---- DATA EXCERPTS
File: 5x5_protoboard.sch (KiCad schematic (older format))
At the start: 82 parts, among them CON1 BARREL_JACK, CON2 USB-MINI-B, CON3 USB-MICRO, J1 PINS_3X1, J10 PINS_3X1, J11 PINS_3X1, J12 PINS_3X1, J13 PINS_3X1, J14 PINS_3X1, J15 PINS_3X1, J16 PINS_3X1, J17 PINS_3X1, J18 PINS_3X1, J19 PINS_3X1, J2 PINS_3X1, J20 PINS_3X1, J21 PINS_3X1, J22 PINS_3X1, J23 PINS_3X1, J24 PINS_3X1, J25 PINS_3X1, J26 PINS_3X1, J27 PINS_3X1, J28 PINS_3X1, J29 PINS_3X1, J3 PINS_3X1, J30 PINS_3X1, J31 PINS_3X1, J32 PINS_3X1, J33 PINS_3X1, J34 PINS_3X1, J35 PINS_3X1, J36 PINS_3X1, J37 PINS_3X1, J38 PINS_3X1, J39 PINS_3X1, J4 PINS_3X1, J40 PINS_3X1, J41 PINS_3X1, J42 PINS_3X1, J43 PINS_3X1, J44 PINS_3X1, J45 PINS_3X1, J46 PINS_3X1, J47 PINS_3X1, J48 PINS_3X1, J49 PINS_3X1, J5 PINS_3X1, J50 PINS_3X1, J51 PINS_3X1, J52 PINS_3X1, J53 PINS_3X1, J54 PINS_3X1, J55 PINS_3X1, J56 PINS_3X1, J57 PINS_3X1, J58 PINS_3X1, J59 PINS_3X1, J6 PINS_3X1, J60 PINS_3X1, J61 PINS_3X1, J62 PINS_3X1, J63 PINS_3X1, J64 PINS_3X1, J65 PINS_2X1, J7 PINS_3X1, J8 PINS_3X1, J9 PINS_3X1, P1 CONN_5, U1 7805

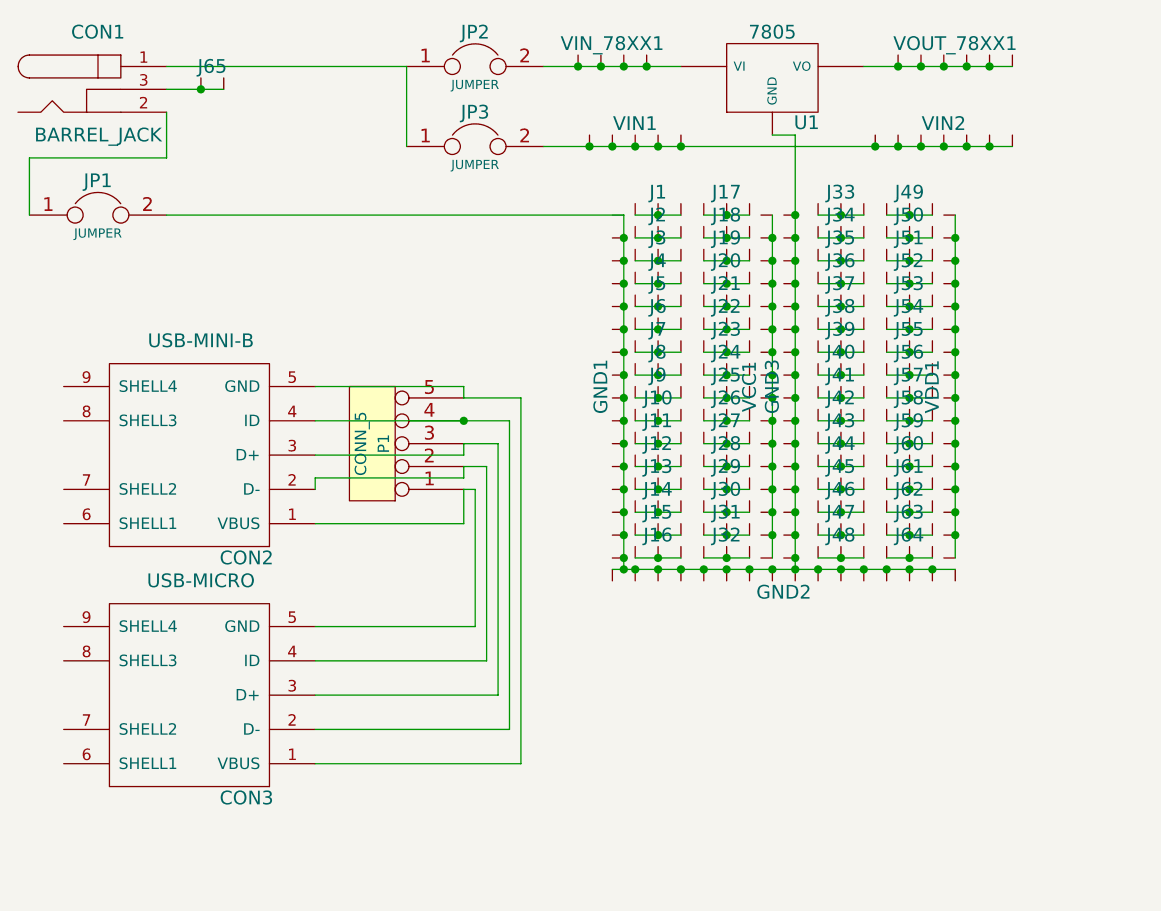
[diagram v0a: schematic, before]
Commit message: added pads for PTC 1812(SMD) fuse on both sides of the PCB between GND and the barrel jack on the same spot as the jumper and in parallel with it and eachother
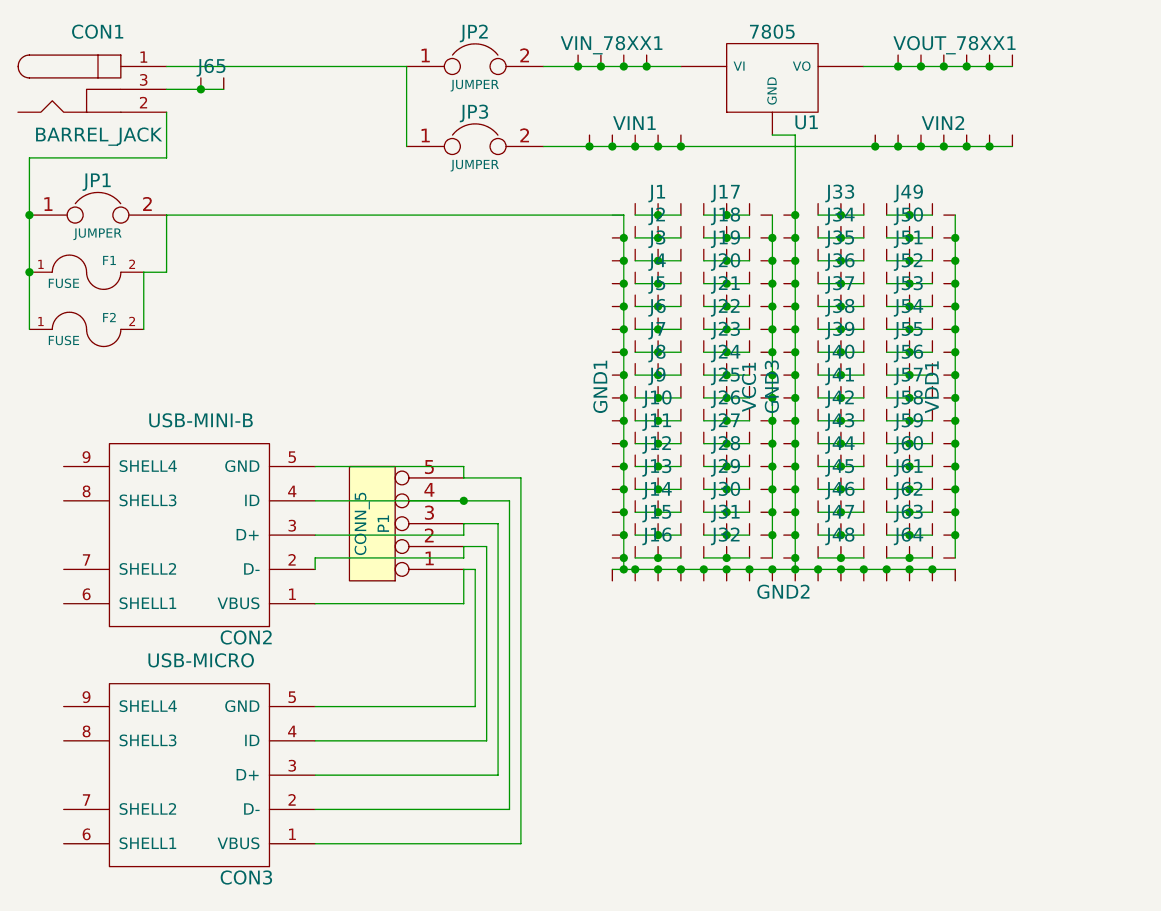
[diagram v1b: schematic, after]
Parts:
- added F1, F2: FUSE, ~, symbol FUSE
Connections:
- net at GND1.1, GND1.10, GND1.11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: now also F1.2, F2.2
- net at CON1.2, JP1.1: now also F1.1, F2.1
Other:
- moved on the sheet: CON2, CON3, P1
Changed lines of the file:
@@
 LIBS:contrib
 LIBS:valves
+LIBS:5x5_protoboard-cache
 LIBS:dp_devices
 LIBS:5x5_protoboard-cache
@@
 L CONN_5 P1
 U 1 1 53DD87F2
-P 4050 4100
-F 0 "P1" V 4000 4100 50  0000 C CNN
-F 1 "CONN_5" V 4100 4100 50  0000 C CNN
-F 2 "~" H 4050 4100 60  0000 C CNN
-F 3 "~" H 4050 4100 60  0000 C CNN
-	1    4050 4100
+P 4050 4450
+F 0 "P1" V 4000 4450 50  0000 C CNN
+F 1 "CONN_5" V 4100 4450 50  0000 C CNN
+F 2 "~" H 4050 4450 60  0000 C CNN
+F 3 "~" H 4050 4450 60  0000 C CNN
+	1    4050 4450
 	-1   0    0    1
 $EndComp
@@
 L USB-MINI-B CON2
 U 1 1 53DD8801
-P 3250 4150
-F 0 "CON2" H 3000 4600 60  0000 C CNN
-F 1 "USB-MINI-B" H 3200 3650 60  0000 C CNN
-F 2 "~" H 3250 4150 60  0000 C CNN
-F 3 "~" H 3250 4150 60  0000 C CNN
-	1    3250 4150
+P 3250 4500
+F 0 "CON2" H 3000 4950 60  0000 C CNN
+F 1 "USB-MINI-B" H 3200 4000 60  0000 C CNN
+F 2 "~" H 3250 4500 60  0000 C CNN
+F 3 "~" H 3250 4500 60  0000 C CNN
+	1    3250 4500
 	-1   0    0    1
 $EndComp
@@
 L USB-MINI-B CON3
 U 1 1 53DD8824
-P 3250 5200
-F 0 "CON3" H 3000 5650 60  0000 C CNN
-F 1 "USB-MICRO" H 3200 4700 60  0000 C CNN
-F 2 "~" H 3250 5200 60  0000 C CNN
-F 3 "~" H 3250 5200 60  0000 C CNN
-	1    3250 5200
+P 3250 5550
+F 0 "CON3" H 3000 6000 60  0000 C CNN
+F 1 "USB-MICRO" H 3200 5050 60  0000 C CNN
+F 2 "~" H 3250 5550 60  0000 C CNN
+F 3 "~" H 3250 5550 60  0000 C CNN
+	1    3250 5550
 	-1   0    0    1
 $EndComp
@@
 	3150 2850 2550 2850
 Wire Wire Line
-	2550 2850 2550 3100
+	2550 2850 2550 3600
 Wire Wire Line
 	3150 3100 5150 3100
@@
 Connection ~ 5900 3100
 Wire Wire Line
-	3800 4450 4450 4450
-Wire Wire Line
-	4450 4450 4450 4300
-Wire Wire Line
-	3800 4300 3800 4250
-Wire Wire Line
-	3800 4250 4450 4250
-Wire Wire Line
-	4450 4250 4450 4200
-Wire Wire Line
-	3800 4150 4450 4150
-Wire Wire Line
-	4450 4150 4450 4100
-Wire Wire Line
-	3800 4000 4650 4000
-Wire Wire Line
-	3800 3850 4450 3850
-Wire Wire Line
-	4450 3850 4450 3900
-Wire Wire Line
-	3800 4900 4500 4900
-Wire Wire Line
-	4500 4900 4500 4300
-Wire Wire Line
-	4500 4300 4450 4300
-Wire Wire Line
-	3800 5050 4550 5050
-Wire Wire Line
-	4550 5050 4550 4200
-Wire Wire Line
-	4550 4200 4450 4200
-Wire Wire Line
-	3800 5200 4600 5200
-Wire Wire Line
-	4600 5200 4600 4100
-Wire Wire Line
-	4600 4100 4450 4100
-Wire Wire Line
-	3800 5350 4650 5350
-Wire Wire Line
-	4650 5350 4650 4000
-Wire Wire Line
-	3800 5500 4700 5500
-Wire Wire Line
-	4700 5500 4700 3900
-Wire Wire Line
-	4700 3900 4450 3900
-Connection ~ 4450 4000
+	3800 4800 4450 4800
+Wire Wire Line
+	4450 4800 4450 4650
+Wire Wire Line
+	3800 4650 3800 4600
+Wire Wire Line
+	3800 4600 4450 4600
+Wire Wire Line
+	4450 4600 4450 4550
+Wire Wire Line
+	3800 4500 4450 4500
+Wire Wire Line
+	4450 4500 4450 4450
+Wire Wire Line
+	3800 4350 4650 4350
+Wire Wire Line
+	3800 4200 4450 4200
+Wire Wire Line
+	4450 4200 4450 4250
+Wire Wire Line
+	3800 5250 4500 5250
+Wire Wire Line
+	4500 5250 4500 4650
+Wire Wire Line
+	4500 4650 4450 4650
+Wire Wire Line
+	3800 5400 4550 5400
+Wire Wire Line
+	4550 5400 4550 4550
+Wire Wire Line
+	4550 4550 4450 4550
+Wire Wire Line
+	3800 5550 4600 5550
+Wire Wire Line
+	4600 5550 4600 4450
+Wire Wire Line
+	4600 4450 4450 4450
+Wire Wire Line
+	3800 5700 4650 5700
+Wire Wire Line
+	4650 5700 4650 4350
+Wire Wire Line
+	3800 5850 4700 5850
+Wire Wire Line
+	4700 5850 4700 4250
+Wire Wire Line
+	4700 4250 4450 4250
+Connection ~ 4450 4350
+$Comp
+L FUSE F1
+U 1 1 53DDB6F8
+P 2800 3350
+F 0 "F1" H 2900 3400 40  0000 C CNN
+F 1 "FUSE" H 2700 3300 40  0000 C CNN
+F 2 "~" H 2800 3350 60  0000 C CNN
+F 3 "~" H 2800 3350 60  0000 C CNN
+	1    2800 3350
+	1    0    0    -1
+$EndComp
+$Comp
+L FUSE F2
+U 1 1 53DDB707
+P 2800 3600
+F 0 "F2" H 2900 3650 40  0000 C CNN
+F 1 "FUSE" H 2700 3550 40  0000 C CNN
+F 2 "~" H 2800 3600 60  0000 C CNN
+F 3 "~" H 2800 3600 60  0000 C CNN
+	1    2800 3600
+	1    0    0    -1
+$EndComp
+Connection ~ 2550 3100
+Connection ~ 2550 3350
+Wire Wire Line
+	3050 3600 3050 3350
+Wire Wire Line
+	3050 3350 3150 3350
+Wire Wire Line
+	3150 3350 3150 3100
 $EndSCHEMATC

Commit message: recreated board using interconnect modules increased rails/triplet pad size, added solder jumper in addition to pin jumpers and added text for USB micro/mini pinout
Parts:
- added JP4, JP5, JP6: JUMPER, ~, symbol JUMPER
- VIN1: value PINS_5X1 -> PINS_4X1; symbol PINS_5X1 -> PINS_4X1
- VIN2: value PINS_7X1 -> PINS_6X1; symbol PINS_7X1 -> PINS_6X1
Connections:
- net at VDD1.1, VDD1.10, VDD1.11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: now also JP5.1
- net at VCC1.1, VCC1.10, VCC1.11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: now also JP4.1
- net at U1.VO, VOUT_78XX1.1, VOUT_78XX1.2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: now also JP6.2
- net at JP3.2, VIN1.1, VIN1.2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: now also JP4.2, JP5.2, JP6.1; no longer VIN1.5, VIN2.7
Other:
- moved on the sheet: GND1, GND2, GND3, J1, J10, J11, J12, J13, J14, J15, J16, J17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

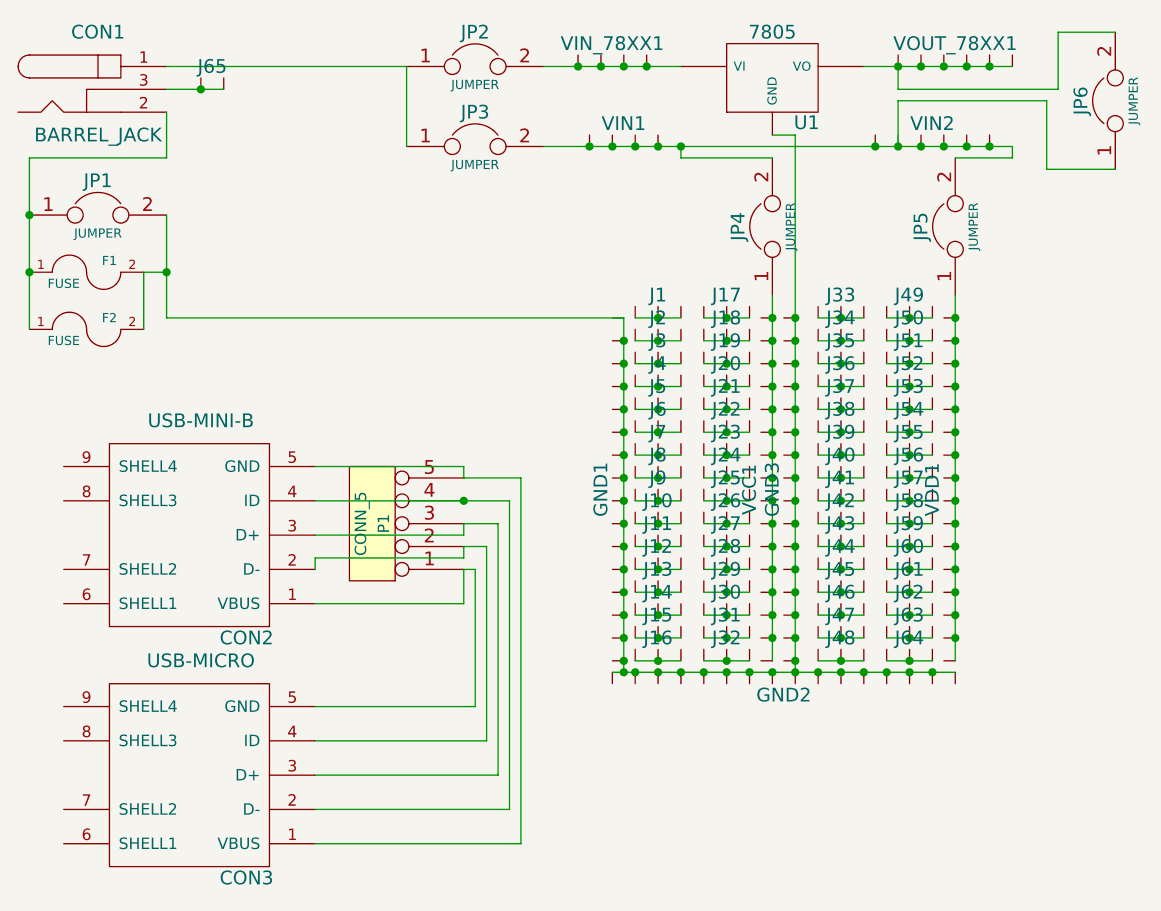
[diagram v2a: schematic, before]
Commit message: added 0603 suppersion caps to 78xx regulator
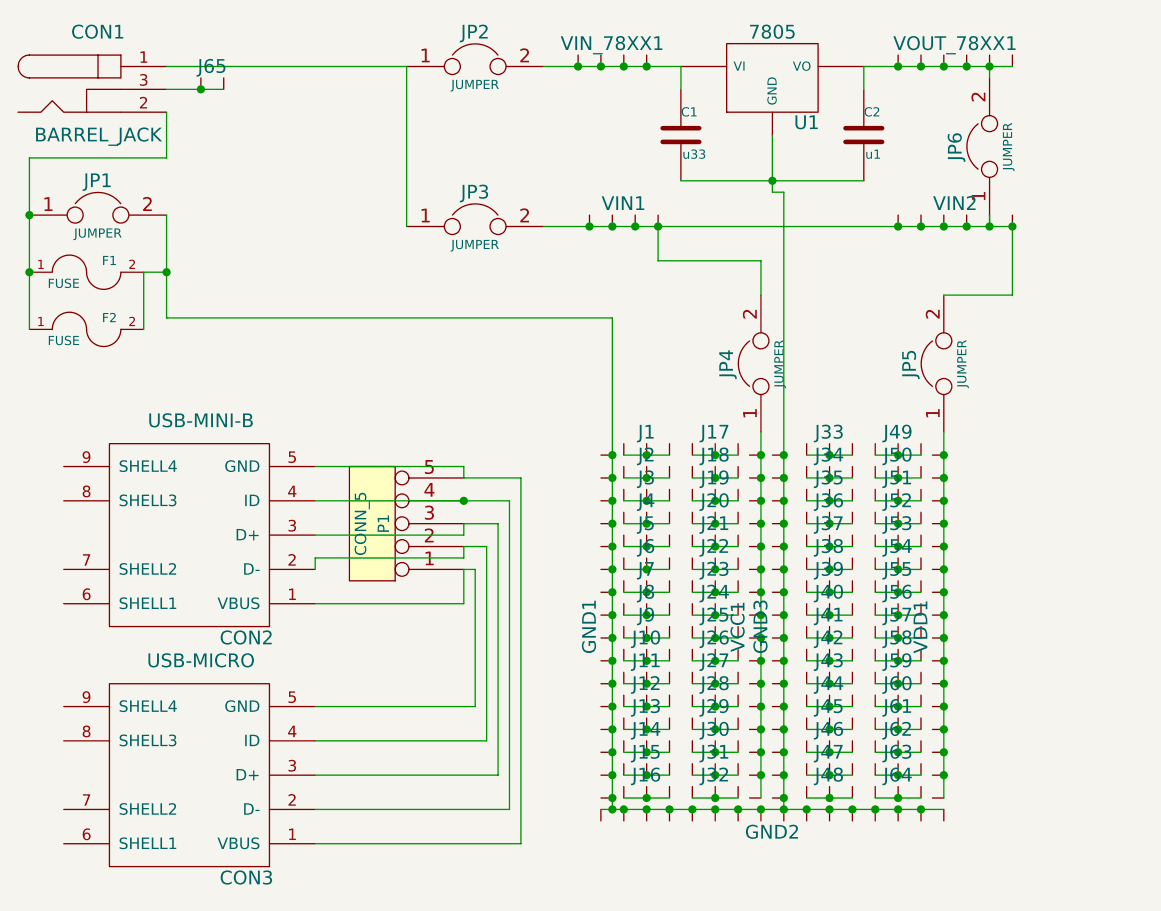
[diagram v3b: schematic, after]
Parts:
- added C1: u33, ~, symbol C
- added C2: u1, ~, symbol C
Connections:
- net at F1.2, F2.2, GND1.1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: now also C1.2, C2.2
- net at JP2.2, U1.VI, VIN_78XX1.1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: now also C1.1
- net at JP6.2, U1.VO, VOUT_78XX1.1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: now also C2.1
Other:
- moved on the sheet: GND1, GND2, GND3, J1, J10, J11, J12, J13, J14, J15, J16, J17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

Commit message: changed interconnect to only have exposed copper on the bottom side, and shorted the jumper on the front side
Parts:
- GND1, GND2, GND3, VCC1, VDD1: value PINS_16X1 -> INTERCONNECT_16X1; symbol PINS_16X1 -> INTERCONNECT_16X1
- J1, J10, J11, J12, J13, J14, J15, J16, J17, J18, J19, J2, J20, J21, J22, J23, J24, J25, J26, J27, J28, J29, J3, J30, J31, J32, J33, J34, J35, J36, J37, J38, J39, J4, J40, J41, J42, J43, J44, J45, J46, J47, J48, J49, J5, J50, J51, J52, J53, J54, J55, J56, J57, J58, J59, J6, J60, J61, J62, J63, J64, J7, J8, J9: value PINS_3X1 -> INTERCONNECT_3X1; symbol PINS_3X1 -> INTERCONNECT_3X1
- J65: value PINS_2X1 -> INTERCONNECT_2X1; symbol PINS_2X1 -> INTERCONNECT_2X1
- VIN1, VIN_78XX1: value PINS_4X1 -> INTERCONNECT_4X1; symbol PINS_4X1 -> INTERCONNECT_4X1
- VIN2, VOUT_78XX1: value PINS_6X1 -> INTERCONNECT_6X1; symbol PINS_6X1 -> INTERCONNECT_6X1
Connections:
- net at C1.1, JP2.2, U1.VI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: no longer VIN_78XX1.2, VIN_78XX1.3, VIN_78XX1.4
- net at CON1.3, J65.1: no longer J65.2
- new net: C1.2, C2.2, F1.2, F2.2, GND1.1, GND2.1, GND3.1, JP1.2, U1.GND
- new net: JP5.1, VDD1.1
- new net: JP4.1, VCC1.1
- new net: C2.1, JP6.2, U1.VO, VOUT_78XX1.1
- new net: JP3.2, JP4.2, JP5.2, JP6.1, VIN1.1, VIN2.1
- now unconnected: J1.1, J10.1, J11.1, J12.1, J13.1, J14.1, J15.1, J16.1, J17.1, J18.1, J19.1, J2.1, J20.1, J21.1, J22.1, J23.1, J24.1, J25.1, J26.1, J27.1, J28.1, J29.1, J3.1, J30.1, J31.1, J32.1, J33.1, J34.1, J35.1, J36.1, J37.1, J38.1, J39.1, J4.1, J40.1, J41.1, J42.1, J43.1, J44.1, J45.1, J46.1, J47.1, J48.1, J49.1, J5.1, J50.1, J51.1, J52.1, J53.1, J54.1, J55.1, J56.1, J57.1, J58.1, J59.1, J6.1, J60.1, J61.1, J62.1, J63.1, J64.1, J7.1, J8.1, J9.1
--------
GOAL OF THE EXERCISE
I need every line of the data that has the word "LIBS"; please list them.

REPLY
 LIBS:contrib
 LIBS:valves
+LIBS:5x5_protoboard-cache
 LIBS:dp_devices
 LIBS:5x5_protoboard-cache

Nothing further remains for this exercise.